Innanzitutto quella donna si pone davanti a Gesù,
evidenziando la pregnanza della sua fede: “Signore, figlio di Davide!” dove
questa esperienza di fede nasce dal fatto che Gesù l'ha conquistata. Non è
l'uomo che pone l'atto di fede, ma è il fascino di Gesù che entra nella persona
e la determina nei suoi effettivi comportamenti. Se la fede, che diventa
credere, è l'essere conquistati da Dio, è chiaro che questa fede è nient'altro
che un itinerario di restituzione a Dio delle meraviglie che Dio opera nel
cuore dell'uomo. Quella donna s'è lasciata conquistare!
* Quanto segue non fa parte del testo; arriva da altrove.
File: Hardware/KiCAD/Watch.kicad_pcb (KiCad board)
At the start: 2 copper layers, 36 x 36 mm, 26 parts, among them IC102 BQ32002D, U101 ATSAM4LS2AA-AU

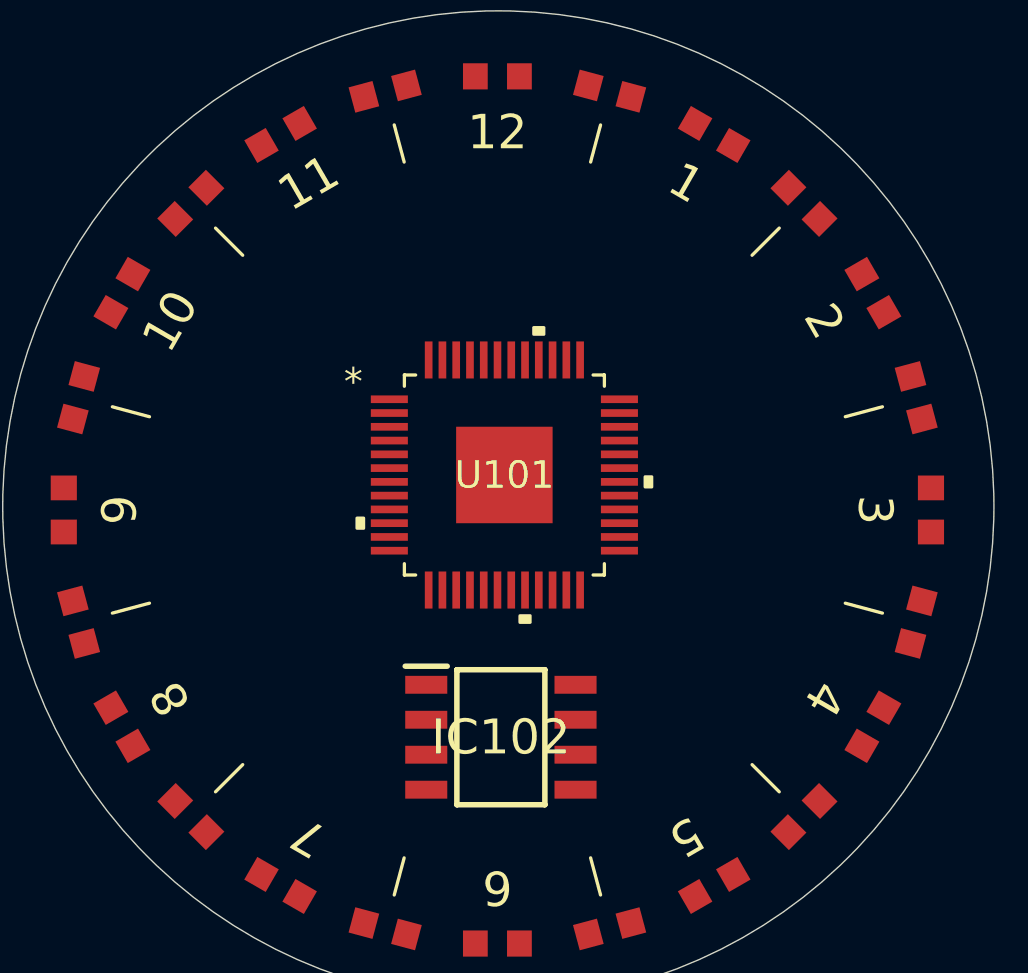
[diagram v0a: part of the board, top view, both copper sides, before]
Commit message: Light driver schematic layout complete
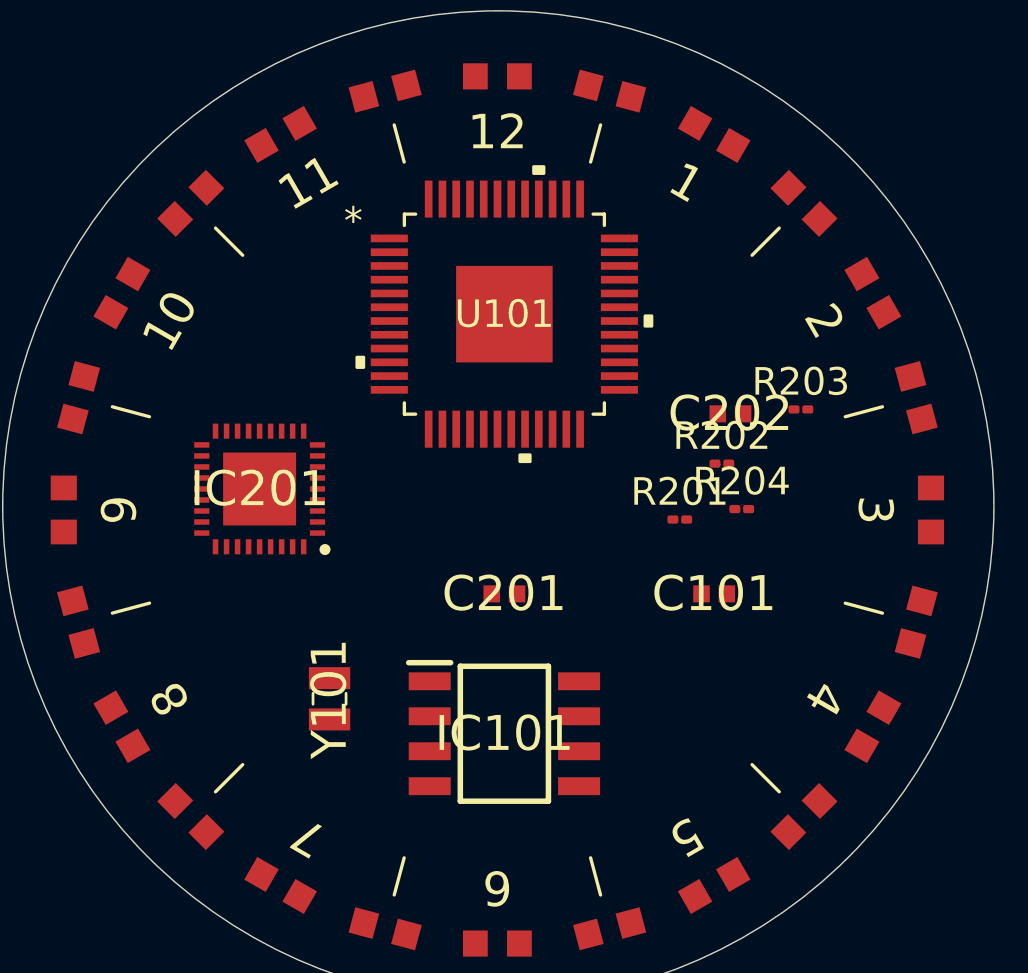
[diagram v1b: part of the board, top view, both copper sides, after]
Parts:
- removed IC102: BQ32002D, SamacSys_Parts:SOIC127P600X175-8N
- added C101: ?uF, SamacSys_Parts:CAPC1005X55N, F.Cu at (153.7, 91.4)
- added C201: 0.1uF, SamacSys_Parts:CAPC1005X55N, F.Cu at (146.1, 91.4)
- added C202: 1uF, SamacSys_Parts:CAPC1005X55N, F.Cu at (154.3, 84.9)
- added IC101: PT7C4563BQ1WEX, SamacSys_Parts:SOIC127P600X175-8N, F.Cu at (146.1, 96.5)
- added IC201: IS31FL3235A-QFLS2-TR, SamacSys_Parts:QFN40P400X400X80-37N, F.Cu at (137.2, 87.6)
- added R201: 4.7k, Resistor_SMD:R_01005_0402Metric, F.Cu at (152.4, 88.7)
- added R202: 4.7k, Resistor_SMD:R_01005_0402Metric, F.Cu at (153.9, 86.7)
- added R203: 3.3k, Resistor_SMD:R_01005_0402Metric, F.Cu at (156.8, 84.7)
- added R204: 100k, Resistor_SMD:R_01005_0402Metric, F.Cu at (154.7, 88.4)
- added Y101: CM8V-T1A-32.768kHz-4pF-20PPM-TA-QC_T3, SamacSys_Parts:CM8V32768TA020125, F.Cu at (139.7, 95.2)
- moved U101 5.84 mm to (146.1, 81.3)
- renumbered LED201 to LED202, LED201 to LED203, LED201 to LED204, LED201 to LED205, LED201 to LED206, LED201 to LED207, LED201 to LED208, LED201 to LED209, LED201 to LED210, LED201 to LED211, LED201 to LED212, LED201 to LED213, LED201 to LED214, LED201 to LED215, LED201 to LED216, LED201 to LED217, LED201 to LED218, LED201 to LED219, LED201 to LED220, LED201 to LED221, LED201 to LED222, LED201 to LED223, LED201 to LED224
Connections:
- net Net-(LED201-Pad2) renamed +3V3
- LED201 pad 1: Net-(LED201-Pad1) -> /leds/OUT1
- LED202 pad 1: Net-(LED201-Pad1) -> /leds/OUT2
- LED203 pad 1: Net-(LED201-Pad1) -> /leds/OUT3
- LED204 pad 1: Net-(LED201-Pad1) -> /leds/OUT4
- LED205 pad 1: Net-(LED201-Pad1) -> /leds/OUT5
- LED206 pad 1: Net-(LED201-Pad1) -> /leds/OUT6
- LED207 pad 1: Net-(LED201-Pad1) -> /leds/OUT7
- LED208 pad 1: Net-(LED201-Pad1) -> /leds/OUT8
- LED209 pad 1: Net-(LED201-Pad1) -> /leds/OUT9
- LED210 pad 1: Net-(LED201-Pad1) -> /leds/OUT10
- LED211 pad 1: Net-(LED201-Pad1) -> /leds/OUT12
- LED212 pad 1: Net-(LED201-Pad1) -> /leds/OUT13
- LED213 pad 1: Net-(LED201-Pad1) -> /leds/OUT14
- LED214 pad 1: Net-(LED201-Pad1) -> /leds/OUT15
- LED215 pad 1: Net-(LED201-Pad1) -> /leds/OUT16
- LED216 pad 1: Net-(LED201-Pad1) -> /leds/OUT17
- LED217 pad 1: Net-(LED201-Pad1) -> /leds/OUT18
- LED218 pad 1: Net-(LED201-Pad1) -> /leds/OUT19
- LED219 pad 1: Net-(LED201-Pad1) -> /leds/OUT20
- LED220 pad 1: Net-(LED201-Pad1) -> /leds/OUT21
- LED221 pad 1: Net-(LED201-Pad1) -> /leds/OUT21
- LED222 pad 1: Net-(LED201-Pad1) -> /leds/OUT22
- LED223 pad 1: Net-(LED201-Pad1) -> /leds/OUT23
- LED224 pad 1: Net-(LED201-Pad1) -> /leds/OUT24

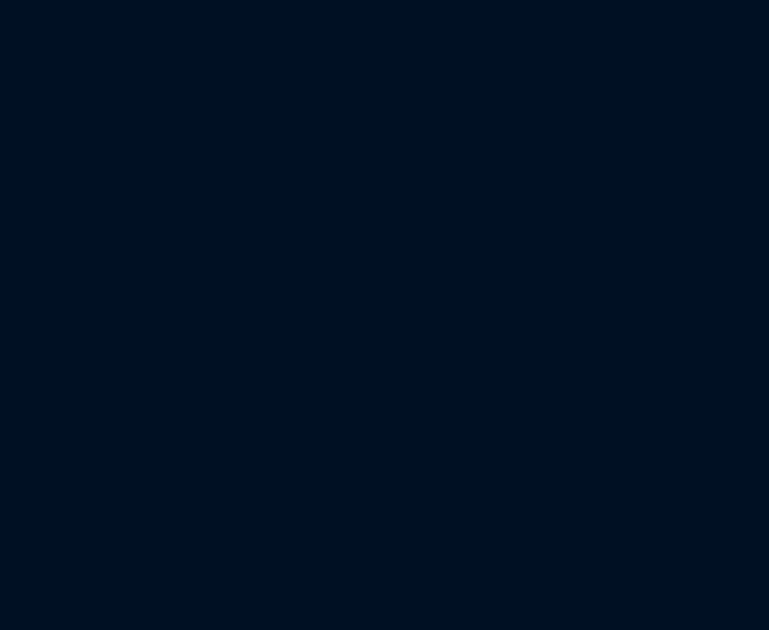
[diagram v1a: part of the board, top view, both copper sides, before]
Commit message: LTSpice zener diode tests. Watch HW now has lipo charger IC and RGB LED for status monitoring
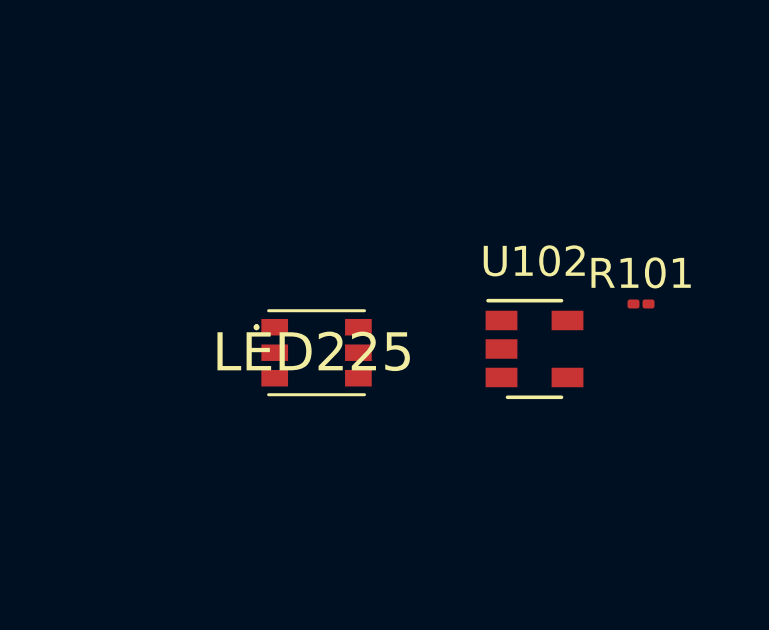
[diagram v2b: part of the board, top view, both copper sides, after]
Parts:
- added LED225: RGB LED, SamacSys_Parts:150352M173300, F.Cu at (181.6, 91.4)
- added R101: 10k, Resistor_SMD:R_01005_0402Metric, F.Cu at (192.4, 89.8)
- added U102: MCP73831-2-OT, Package_TO_SOT_SMD:SOT-23-5, F.Cu at (188.9, 91.3)

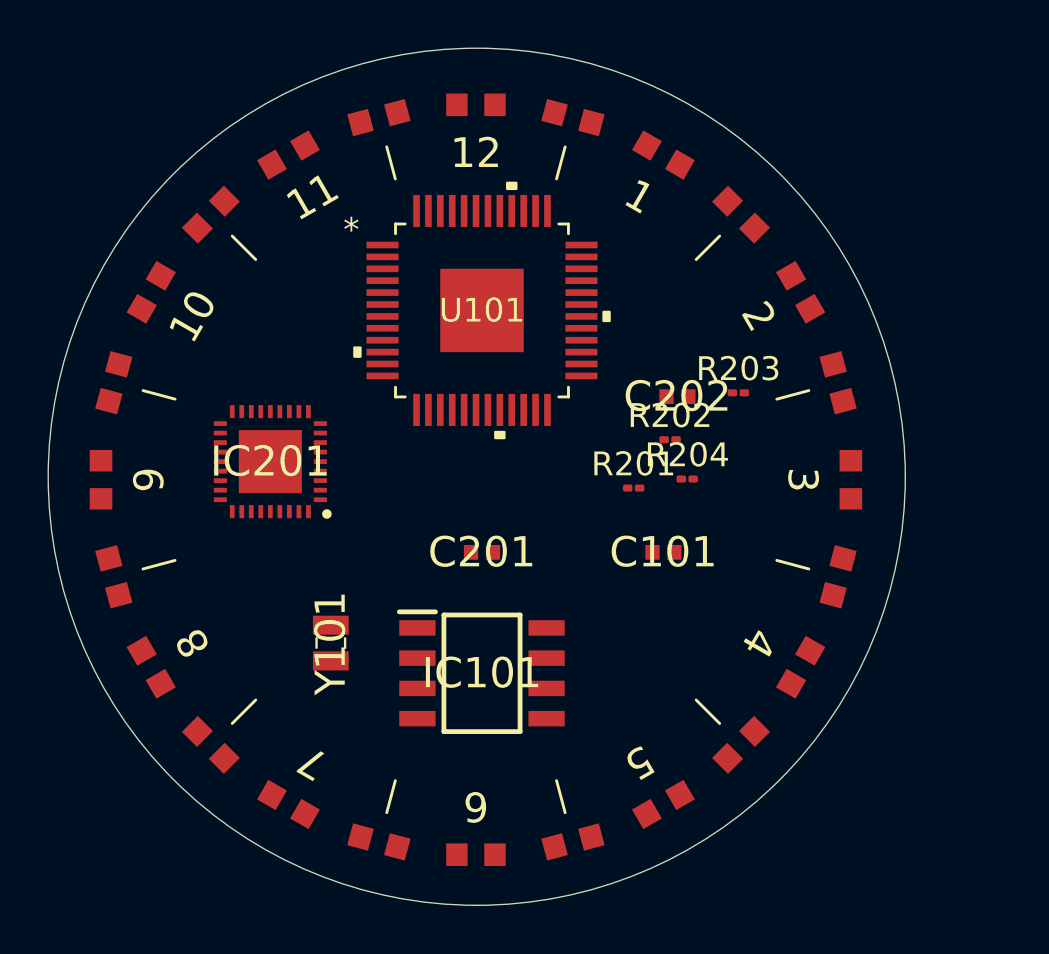
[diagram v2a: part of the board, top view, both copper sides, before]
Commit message: Hardware mounting aligned. Dimensions set.
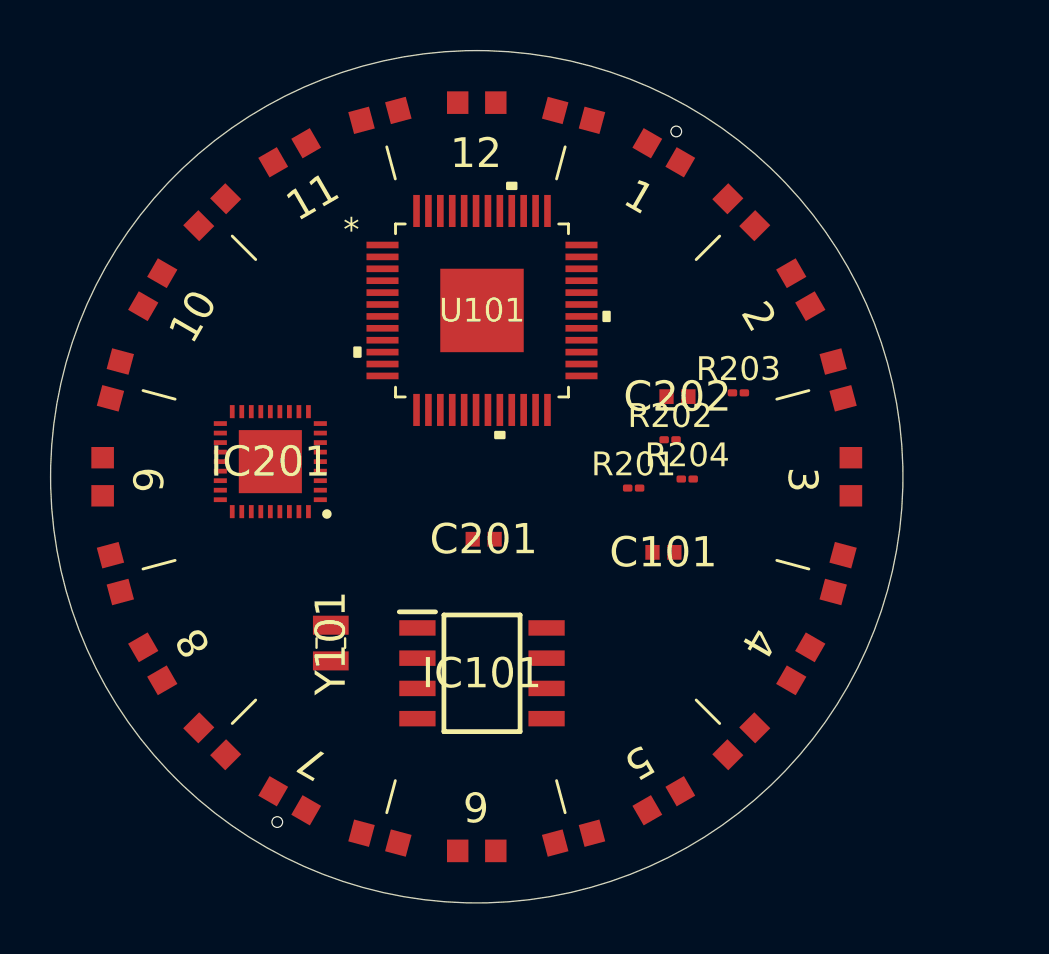
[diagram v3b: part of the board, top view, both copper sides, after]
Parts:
- moved LED219 4.24 mm to (130.7, 84.2), turned to 255 degrees
- moved LED220 4.24 mm to (132.2, 80.4), turned to 240 degrees
- moved LED218 4.23 mm to (130.1, 88.3), turned to 270 degrees
- moved LED221 4.23 mm to (134.7, 77.2), turned to 225 degrees
- moved LED217 4.21 mm to (130.7, 92.3), turned to 285 degrees
- moved LED222 4.21 mm to (138.0, 74.7), turned to 210 degrees
- moved LED216 4.19 mm to (132.2, 96.1), turned to 300 degrees
- moved LED223 4.19 mm to (141.8, 73.1), turned to 195 degrees
- moved LED215 4.16 mm to (134.7, 99.4), turned to 315 degrees
- moved LED224 4.16 mm to (145.8, 72.6), turned to 180 degrees
- moved LED214 4.13 mm to (138.0, 101.9), turned to 330 degrees
- moved LED201 4.12 mm to (149.9, 73.1), turned to 165 degrees
- moved LED213 4.09 mm to (141.8, 103.4), turned to 345 degrees
- moved LED202 4.09 mm to (153.7, 74.7), turned to 150 degrees
- moved LED212 4.06 mm to (145.8, 104.0), turned to 0 degrees
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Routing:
- net (no net): vias 0 -> 2
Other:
- board size 36 x 36 mm -> 35.8 x 35.8 mm

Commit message: Omega layout and silkscreen complete!
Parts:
- removed LED201, LED202, LED203, LED204, LED205, LED207, LED208, LED209, LED210, LED211, LED212, LED213, LED214, LED215, LED216, LED217, LED218, LED219, LED220, LED221, LED222, LED223, LED224: LTST-C191KRKT, SamacSys_Parts:LEDC1608X55N
- removed the LED206 at (161.5, 88.3)
- added G***: LOGO, Graphics:2, F.Cu at (145.8, 88.4)
- added LED206: LTST-C191KRKT, SamacSys_Parts:LEDC1608X55N, F.Cu at (159.4, 91.9)
- added LED206: LTST-C191KRKT, SamacSys_Parts:LEDC1608X55N, F.Cu at (133.7, 95.3)
- added LED206: LTST-C191KRKT, SamacSys_Parts:LEDC1608X55N, F.Cu at (132.2, 91.9)
- added LED206: LTST-C191KRKT, SamacSys_Parts:LEDC1608X55N, F.Cu at (131.8, 88.3)
- added LED206: LTST-C191KRKT, SamacSys_Parts:LEDC1608X55N, F.Cu at (132.2, 84.6)
- added LED206: LTST-C191KRKT, SamacSys_Parts:LEDC1608X55N, F.Cu at (133.7, 81.2)
- added LED206: LTST-C191KRKT, SamacSys_Parts:LEDC1608X55N, F.Cu at (135.9, 78.3)
- added LED206: LTST-C191KRKT, SamacSys_Parts:LEDC1608X55N, F.Cu at (138.8, 76.1)
- added LED206: LTST-C191KRKT, SamacSys_Parts:LEDC1608X55N, F.Cu at (142.2, 74.7)
- added LED206: LTST-C191KRKT, SamacSys_Parts:LEDC1608X55N, F.Cu at (145.8, 74.2)
- added LED206: LTST-C191KRKT, SamacSys_Parts:LEDC1608X55N, F.Cu at (149.5, 74.7)
- added LED206: LTST-C191KRKT, SamacSys_Parts:LEDC1608X55N, F.Cu at (158.0, 95.3)
- added LED206: LTST-C191KRKT, SamacSys_Parts:LEDC1608X55N, F.Cu at (152.9, 76.1)
- added LED206: LTST-C191KRKT, SamacSys_Parts:LEDC1608X55N, F.Cu at (155.8, 78.3)
- added LED206: LTST-C191KRKT, SamacSys_Parts:LEDC1608X55N, F.Cu at (158.0, 81.2)
- added LED206: LTST-C191KRKT, SamacSys_Parts:LEDC1608X55N, F.Cu at (159.4, 84.6)
- added LED206: LTST-C191KRKT, SamacSys_Parts:LEDC1608X55N, F.Cu at (159.9, 88.3)
- added LED206: LTST-C191KRKT, SamacSys_Parts:LEDC1608X55N, F.Cu at (155.8, 98.2)
- added LED206: LTST-C191KRKT, SamacSys_Parts:LEDC1608X55N, F.Cu at (152.9, 100.4)
- added LED206: LTST-C191KRKT, SamacSys_Parts:LEDC1608X55N, F.Cu at (149.5, 101.8)
- added LED206: LTST-C191KRKT, SamacSys_Parts:LEDC1608X55N, F.Cu at (145.8, 102.3)
- added LED206: LTST-C191KRKT, SamacSys_Parts:LEDC1608X55N, F.Cu at (142.2, 101.8)
- added LED206: LTST-C191KRKT, SamacSys_Parts:LEDC1608X55N, F.Cu at (138.8, 100.4)
- added LED206: LTST-C191KRKT, SamacSys_Parts:LEDC1608X55N, F.Cu at (135.9, 98.2)
- moved C201 35.6 mm to (181.2, 84.7)
- moved U102 35.5 mm to (153.4, 91.4)
- moved LED225 31.2 mm to (152.1, 81.2)
- moved C101 21.7 mm to (175.3, 89.7)
- moved C202 21.7 mm to (175.8, 83.1)
- moved R201 21.7 mm to (174.0, 87.0)
- moved R202 21.7 mm to (175.5, 84.9)
- moved R203 21.7 mm to (178.4, 83.0)
- moved R204 21.7 mm to (176.3, 86.6)
- moved IC201 15.4 mm to (152.5, 86.4)
- moved R101 12.6 mm to (180.0, 87.9)
- moved U101 12.6 mm to (145.8, 93.9)
- moved IC101 12.4 mm to (139.1, 86.2), turned to 90 degrees
- moved Y101 10.7 mm to (145.7, 86.4), turned to 180 degrees
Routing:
- net (no net): vias 2 -> 0
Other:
- board size 35.8 x 35.8 mm -> 32 x 32 mm

Se non si fosse lasciata
conquistare non comprenderemmo l'insistenza della sua supplica perché la fede è
la forza dello spirito nelle complessità dell'esistenza quotidiana. Se è vero
che ogni uomo nelle drammaticità dell'esistenza è una semplice ed effettiva
supplica al divino, nell'ambito del cammino cristiano è il Cristo che conquista
talmente l'uomo, da renderlo capace di gridare questa dinamica credente. La
fede è la potenza creatrice di Dio che genera in noi un intenso dialogo con il
mistero. E' la verità che soggiace alla dinamica della fede che si trasforma in
supplica.
In certo qual modo è la potenza di Dio che entra nell'uomo,
che si riconosce drammaticamente povero, e gli dà la capacità e l'intensità del
gridare. Qui intravediamo un “gridare” che va al di là delle situazioni
storiche, poiché è una supplica che si richiama alla fedeltà di Dio espressa
nella formula "Figlio di Davide". Infatti, se guardiamo attentamente
il racconto dell'evangelista, egli ci pone dinanzi tre motivi di sordità
nonostante i quali la donna nella potenza della fede non smette di supplicare.
Davanti alla sua supplica
·
Gesù non le dà retta.
·
I discepoli sono nell'atteggiamento di accontentare la
donna per essere tranquilli, quindi sostanzialmente c'è la sordità
all'accoglienza vera da parte dei discepoli.
·
Gesù si rifiuta di fare il miracolo perché è stato mandato
alle pecore perdute d'Israele.
In certo qual modo sono tre atteggiamenti che potrebbero
indurre la donna a rinunciare alla supplica, ma la fede è anche ostinazione: è
il cuore di una mamma che per amore alla figlia tenta tutto nella potenza del
suo affidamento a Gesù.
Abbiamo notato la bellezza del dialogo tra Gesù e la
donna. Non è bene prendere il pane dei
figli e gettarlo ai cagnolini. E' vero Signore, disse la donna, eppure i
cagnolini mangiano le briciole che cadono dalla tavola dei loro padroni. Quella
donna davanti a Gesù che le si mostra assente davanti alla sua richiesta, trova
la bellezza dell'immagine del cagnolino che mangia le briciole. La bellezza
della fede è creatività immaginativa e allora la supplica è nient'altro che il
coraggio dell'uomo di non lasciarsi mai bloccare dalle situazioni storiche. Il
fatto che ci siano tre momenti negativi è perché la supplica deve essere
infinita. L'uomo non deve mai cessare di gridare perché la fede porta
l'unificazione, la fede porta alla esperienza della presenza dell'altro, la
fede dice sicurezza di esaudimento. In questo noi riscopriamo come
l'universalità della salvezza nasca da portare l'uomo a porre questo atto di
fede attraverso il gridare la propria povertà e, quando l'uomo grida la sua
povertà davanti alla fedeltà messianica di Gesù, ha la certezza che sarà
veramente esaudito. Ecco allora che il testo evangelico ci pone dinanzi ad una
beatitudine che dovrebbe aiutarci nel cammino della vita, nonostante le nostre
povertà e deficienze: “Donna, grande è la tua fede, avvenga per te come
desideri!”
Quella donna si è lasciata talmente conquistare da Gesù,
ha vissuto il suo dramma in Gesù e con Gesù, e Gesù la esaudisce.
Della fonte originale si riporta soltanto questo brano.